H. H. Scullard.  1982.  From the Gracchi to Nero:  p. 119.



54 B.C.


By this time there had come a vital blow to the renewed alliance between Pompeius and Caesar and to the stability of the coalition as a whole.  Pompeius' wife Julia died in childbirth.  There can be no doubt that Pompeius had been devoted to her and that she had constituted a powerful bond between her father and her husband. Her death did not of course immediately dissolve the ties between Pompeius and Caesar: no change, however slight, can be discerned in Pompeius' attitude towards Caesar as a direct consequence of his bereavement.

Robin Seager.  2002.  Pompey the Great:  p. 130.



53 B.C.


Even Pompey had to learn this man's [Cato] political significance:  for, in the first half of the year 53, he obstinately opposed all attempts to secure the dictatorship for Pompey.  At last, in July, the Senate granted the proconsul who was still in Italy authority to maintain order.  Thereupon he returned to the neighborhood of the city, and in his circle a vigorous propaganda campaign was conducted in favour of a dictatorship, although he himself pretended that he did not want the position.

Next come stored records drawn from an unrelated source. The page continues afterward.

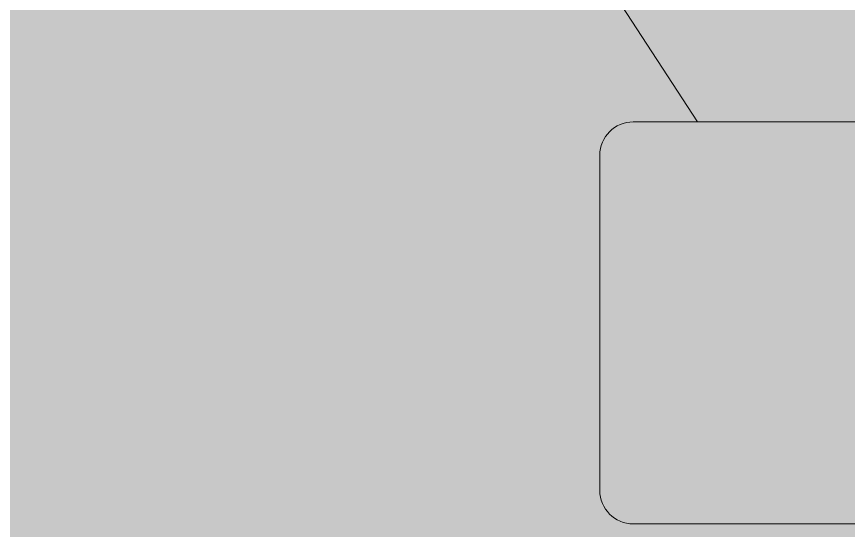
# Model space of a CAD drawing. Header units: millimetres. Extents: x 902415 to 1199587, y -3757 to 35605.
# Drawn here: x 953572 to 956057, y 7631 to 9164 of the extents above; entities that cross this region are included whole.
import ezdxf

# ---------------------------------------------------------------- set-up
doc = ezdxf.new("R2010")
doc.units = ezdxf.units.MM
doc.layers.add('A-GENM', color=13, linetype='Continuous', lineweight=5)

# ---------------------------------------------------------------- blocks, each defined once
blk = doc.blocks.new('Mechanical - Condensers - Mechanical - Condensers-1249279-North - Grids A')
at = {"layer": 'A-GENM'}
blk.add_hatch(color=256, dxfattribs=at).paths.add_polyline_path([(956175.9, 7650), (956413.9, 7650), (956439.8, 7653.4), (956463.9, 7663.4), (956484.6, 7679.3), (956500.5, 7700), (956510.5, 7724.1), (956513.9, 7750), (956513.9, 8750), (956510.5, 8775.9), (956500.5, 8800), (956484.6, 8820.7), (956463.9, 8836.6), (956439.8, 8846.6), (956413.9, 8850), (955413.9, 8850), (955388, 8846.6), (955363.9, 8836.6), (955343.2, 8820.7), (955327.3, 8800), (955317.3, 8775.9), (955313.9, 8750), (955313.9, 7750), (955317.3, 7724.1), (955327.3, 7700), (955343.2, 7679.3), (955363.9, 7663.4), (955388, 7653.4), (955413.9, 7650), (955649.5, 7650)])
for p, q in [((956413.9, 8850), (955413.9, 8850)), ((955313.9, 8750), (955313.9, 7750)), ((955413.9, 7650), (956413.9, 7650))]:
    blk.add_line(p, q, dxfattribs=at)
for centre, start, end in [((955413.9, 8750), 90, 180), ((955413.9, 7750), 180, 270)]:
    blk.add_arc(centre, 100, start, end, dxfattribs=at)
blk = doc.blocks.new('Generic Models 21 - Generic Models 13-2246435-North - Grids A')
at = {"layer": 'A-GENM'}
h = blk.add_hatch(color=256, dxfattribs=at)
h.paths.add_polyline_path([(937570.2, 7600), (942406.7, 7600), (949487, 14287.4), (949210.9, 15709.5), (938853.9, 8494.3), (938853, 7742.8), (938850.5, 7724.1), (938838.2, 7697), (938824.6, 7679.3), (938803.9, 7663.4), (938779.8, 7653.4), (938753.9, 7650), (937753.9, 7650), (937728, 7653.4), (937703.9, 7663.4), (937683.2, 7678.7), (937578.2, 7605.6)])
h.paths.add_polyline_path([(956414.3, 7610), (956388.2, 7650), (955413.9, 7650), (955388, 7653.4), (955363.9, 7663.4), (955343.2, 7679.3), (955327.3, 7700), (955317.3, 7724.1), (955313.9, 7750), (955313.9, 8750), (955317.3, 8775.9), (955327.3, 8800), (955343.2, 8820.7), (955363.9, 8836.6), (955388, 8846.6), (955413.9, 8850), (955605.6, 8850), (951078.9, 15790.9), (949276.9, 15790.1), (950864.8, 7611.2), (956373.9, 7610)])
h = blk.add_hatch(color=256, dxfattribs=at)
h.paths.add_polyline_path([(943298.2, 7600), (945328.2, 7601.9), (949777.6, 12902.1), (949505.3, 14304.6), (942406.7, 7600), (943278.6, 7600)])
h.paths.add_polyline_path([(959565.8, 7609.3), (952202.5, 15790.7), (951079.4, 15790.1), (955605.6, 8850), (956413.9, 8850), (956439.8, 8846.6), (956463.9, 8836.6), (956484.6, 8820.7), (956500.5, 8800), (956510.5, 8775.9), (956513.9, 8750), (956513.9, 7750), (956510.5, 7724.1), (956500.5, 7700), (956484.6, 7679.3), (956463.9, 7663.4), (956439.8, 7653.4), (956413.9, 7650), (956388.2, 7650), (956414.3, 7610), (959334.4, 7609.3)])
for p, q in [((951078.9, 15790.9), (955605.6, 8850)), ((955605.6, 8850), (951078.9, 15790.9))]:
    blk.add_line(p, q, dxfattribs=at)

msp = doc.modelspace()

# ---------------------------------------------------------------- block references
at = {"layer": 'A-GENM'}
for name in ['Generic Models 21 - Generic Models 13-2246435-North - Grids A', 'Mechanical - Condensers - Mechanical - Condensers-1249279-North - Grids A']:
    msp.add_blockref(name, (0, 0), dxfattribs=at)

doc.saveas('drawing.dxf')

Matthias Gelzer.  1968.  Caesar: Politician and Statesman:  p. 148.



52 B.C.


The year 52 introduced sharp changes—or so it has seemed.  Chaos provided a radical departure from convention.  A solitary figure was named to the consulship--a virtual contradiction in terms. Did that signal the collapse of the constitution, a herald of the new order? Analysis of the background will suggest a very different conclusion.

Erich Gruen.  1974.  The Last Generation of the Roman Republic:  p. 150.



51 B.C.


The inimici of Caesar began their campaign against him in earnest in 51.  The long tenure in Gaul was drawing to a close, and anxious politicians sought means to discredit the proconsul before he could make a triumphant return.

Erich Gruen.  1974.  The Last Generation of the Roman Republic:  p. 460.



50 B.C.


In the autumn men began to speak of an inevitable war.  Fortune was arranging the scene for a grand and terrible spectacle.  Caesar would tolerate no superior, Pompeius no rival.  Caesar had many enemies, provoked by his ruthless ambition, by his acts of arrogance towards other principes—and by his support, when consul and proconsul, of the domination of Pompeius, who now, for supreme power, seemed likely to throw over his ally.

Ronald Syme.  1939.  The Roman Revolution:  pp. 41-42.